(314d) Antibody Affinity and Specificity Co-Optimization Via Machine Learning
AIChE Annual Meeting
2022
2022 Annual Meeting
Food, Pharmaceutical & Bioengineering Division
Computational, Structure, Biophysical Protein Engineering
Tuesday, November 15, 2022 - 1:24pm to 1:42pm
To better understand antibody sequence-property relationships, high-throughput screening of antibody libraries is commonly combined with next-generation sequencing (NGS). In applications of this technique, large repertoires of antibody mutants are screened based on their ability to bind to a specific reagent, labeling them as either positive or negative. Each bin of mutants is subsequently sequenced, providing the amino acid string of each antibody in each bin. Though this data represents a monumental step towards revealing sequence-property relationships, its use for rational therapeutic antibody design remains substantially limited. This is because the binary deep sequencing data obscures intra-class variation and does not provide information regarding the continuous nature of binding. Continuous measurements are necessary to tune properties that exhibit strict tradeoffs such as affinity and specificity.

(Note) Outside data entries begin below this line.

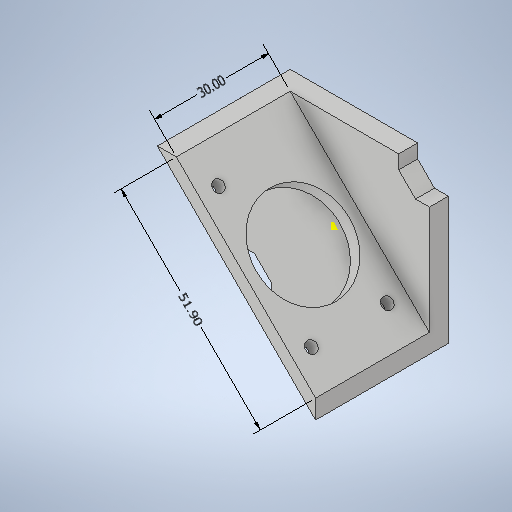
# Autodesk Inventor part: 可调底座
Saved by Autodesk Inventor 2025 (Build 290162000, 162)
## iProperties
Created: 2024-08-27
Part Number: 可调底座
Material: Generic
Document SubType Name: Sheet Metal
Designer: Administrator
Density: 1 g/cm^3
Sheet Metal Rule: 默认_mm
Appearance: Default
Author: Administrator
Autodesk Inventor part; units mm, degrees
ref_plane "YZ Plane" through (0, 0, 0) normal (1, 0, 0) x (0, 1, 0)
ref_plane "XZ Plane" through (0, 0, 0) normal (0, 1, 0) x (-1, 0, 0)
ref_plane "XY Plane" through (0, 0, 0) normal (0, 0, 1) x (1, 0, 0)
sketch "草图1" plane through (0, 0, 0) normal (0, 0, 1) x (1, 0, 0)
  line L0 (24.9, 0) -> (24.9, 16.8)
  line L1 (24.9, 0) -> (41.7, 0) construction
  line L2 (24.9, 16.8) -> (21.24, 16.8)
  line L3 (21.24, 16.8) -> (16.7994, 21.2406)
  line L4 (16.7994, 21.2406) -> (16.7994, 24.9006)
  line L5 (16.7994, 24.9006) -> (-0.0006, 24.9006)
  line L6 (24.9, 0) -> (24.9, -16.8)
  line L7 (24.9, -16.8) -> (21.24, -16.8)
  line L8 (21.24, -16.8) -> (16.7994, -21.2406)
  line L9 (16.7994, -21.2406) -> (16.7994, -24.9006)
  line L10 (16.7994, -24.9006) -> (-0.0006, -24.9006)
  line L11 (-0.0006, -24.9006) -> (-16.8006, -24.9006)
  line L12 (-16.8006, -24.9006) -> (-16.8006, -21.2406)
  line L13 (-16.8006, -21.2406) -> (-21.2413, -16.8)
  line L14 (-21.2413, -16.8) -> (-24.9013, -16.8)
  line L15 (-24.9013, -16.8) -> (-24.9013, 0)
  line L16 (-24.9013, 0) -> (-24.9013, 16.8)
  line L17 (-24.9013, 16.8) -> (-21.2413, 16.8)
  line L18 (-21.2413, 16.8) -> (-16.8006, 21.2406)
  line L19 (-16.8006, 21.2406) -> (-16.8006, 24.9006)
  line L20 (-16.8006, 24.9006) -> (-0.0006, 24.9006)
  point P0 (0, 0)
  constraints: 42 end point, 10 perpendicular, 4 point on line, 3 vertical, 2 parallel, 1 horizontal
extrude "拉伸1" add sketch "草图1" along normal blind 5
sketch "草图2" plane through (0, 0, 5) normal (0, 0, 1) x (1, 0, 0)
  point P0 (0, 0)
sketch "草图3" plane through (0, 0, 5) normal (0, 0, 1) x (1, 0, 0)
  line L0 (21.24, -16.8) -> (-16.8006, 21.2406)
  line L1 (-16.8006, 24.9006) -> (-16.8006, 21.2406) projected
  line L2 (-16.8006, 24.9006) -> (-11.8006, 24.9006)
  line L3 (16.7994, 24.9006) -> (-16.8006, 24.9006) projected
  line L4 (21.24, -16.8) -> (24.9, -16.8) projected
  line L5 (24.9, -16.8) -> (24.9, -11.8)
  line L6 (24.9, -16.8) -> (24.9, 16.8) projected
  line L7 (24.9, -11.8) -> (-11.8006, 24.9006)
  point P0 (0, 0)
  constraints: 8 end point, 2 point on line
extrude "拉伸2" add sketch "草图3" along normal blind 30
sketch "草图4" plane through (-11.8006, 24.9006, 5) normal (0.7071068, 0.7071068, 0) x (-0.7071068, 0.7071068, 0)
  line L0 (-51.9025, 0) -> (-51.9025, 30) projected
  line L1 (0, 0) -> (0, 30) projected
  line L2 (-51.9025, 30) -> (0, 0) construction
  line L3 (-51.9025, 30) -> (0, 30) projected
  line L4 (0, 30) -> (-51.9025, 0) construction
  point P0 (-25.9517, -5)
  point P1 (-25.9513, 15)
  constraints: 4 end point, 1 midpoint
hole "孔1" at (6.5497, 6.5503, 20) direction (-0.7071068, -0.7071068, 0) diameter 24.5 end through all
sketch "草图5" plane through (-11.8006, 24.9006, 5) normal (0.7071068, 0.7071068, 0) x (-0.7071068, 0.7071068, 0)
  line L0 (-51.9025, 0) -> (-51.9025, 30) projected
  line L1 (0, 0) -> (-51.9025, 0) projected
  line L2 (0, 0) -> (0, 30) projected
  line L3 (-12.9646, 7.4936) -> (-25.9513, 15) construction
  point P0 (-25.9517, -5)
  constraints: 5 other
hole "孔2" at (6.5497, 6.5503, 20) direction (-0.7071068, -0.7071068, 0) diameter 0.01 end through all
sketch "草图6" plane through (0, 0, 35) normal (0, 0, 1) x (1, 0, 0)
  line L0 (-11.8006, 24.9006) -> (-16.8006, 24.9006) projected
  line L1 (-16.8006, 24.9006) -> (-16.8006, 21.2406) projected
  line L2 (-16.8006, 24.9006) -> (-16.8006, 21.2406)
  line L3 (21.24, -16.8) -> (-16.8006, 21.2406) projected
  line L4 (-16.8006, 21.2406) -> (21.24, -16.8)
  line L5 (24.9, -16.8) -> (24.9, 16.8) projected
  line L6 (-16.8006, 24.9006) -> (24.9, -16.8)
  line L7 (24.9, -16.8) -> (21.24, -16.8)
  point P0 (0, 0)
  constraints: 8 end point, 1 collinear, 1 perpendicular, 1 vertical
extrude "拉伸3" cut sketch "草图6" against normal blind 30
sketch "草图7" plane through (-11.8006, 24.9006, 5) normal (0.7071068, 0.7071068, 0) x (-0.7071068, 0.7071068, 0)
  line L0 (-51.9025, 0) -> (-51.9025, 30) projected
  line L1 (0, 0) -> (0, 30) projected
  line L2 (-51.9025, 30) -> (0, 0)
  line L3 (-51.9025, 0) -> (0, 30)
  line L4 (-25.9513, 15) -> (-43.2669, 25.0085)
  line L5 (-25.9513, 15) -> (-7.1239, 25.8823)
  line L6 (-25.9513, 15) -> (-8.6357, 25.0085)
  line L7 (-25.9513, 15) -> (-41.7093, 5.8917)
  line L8 (-25.9513, 15) -> (-43.2669, 4.9915)
  point P0 (-25.9517, -5)
  constraints: 14 end point, 5 point on line, 3 coincident, 1 midpoint
hole "孔3" at (18.7937, -5.6937, 30.0085) at (18.7937, -5.6937, 9.9915) at (-5.6943, 18.7943, 30.0085) direction (-0.7071068, -0.7071068, 0) diameter 2.97 end through all
equation "\"d41\" = Thickness"
equation "\"BendRadius\" = Thickness"
equation "\"BendReliefWidth\" = Thickness"
equation "\"BendReliefDepth\" = 0.5 * Thickness"
equation "\"CornerReliefSize\" = 4 * Thickness"
equation "\"MinimumRemnant\" = 2 * Thickness"
equation "\"TransitionRadius\" = BendRadius"
equation "\"GapSize\" = Thickness"
equation "\"Thickness\" = 0.5"

In this work, we introduce a method that enables the co-optimization of antibody affinity and specificity by applying protein sequence feature-extraction methods and supervised dimensionality reduction methods for the extraction of continuous predictions of binding from binary deep sequencing data. We focused on the optimization of emibetuzumab, a stage 2 clinical anti-cancer antibody with high on-target (affinity) and off-target binding. We combined NGS and high-throughput screens to generate datasets consisting of thousands of antibody sequences with CDR mutations labeled for both affinity and specificity. We next applied a variety of machine learning methods to extract features from each of our labeled sequences. Using these feature sets, we were able to use linear discriminant analysis (LDA) or more complex neural networks (NNs) to further characterize the data. We found that using both LDA and NN classification methods enabled extraction of continuum projections of our antibody features. These projections correlated strongly with low-throughput, continuous measurements from selected clones in our library. Thus, by applying learned projections to each of the sequences in our library, we were able to estimate the continuous affinity and specificity of each clone and characterize the tradeoff between these two properties. Our analysis also facilitates multi-objective (Pareto) optimization of affinity and specificity.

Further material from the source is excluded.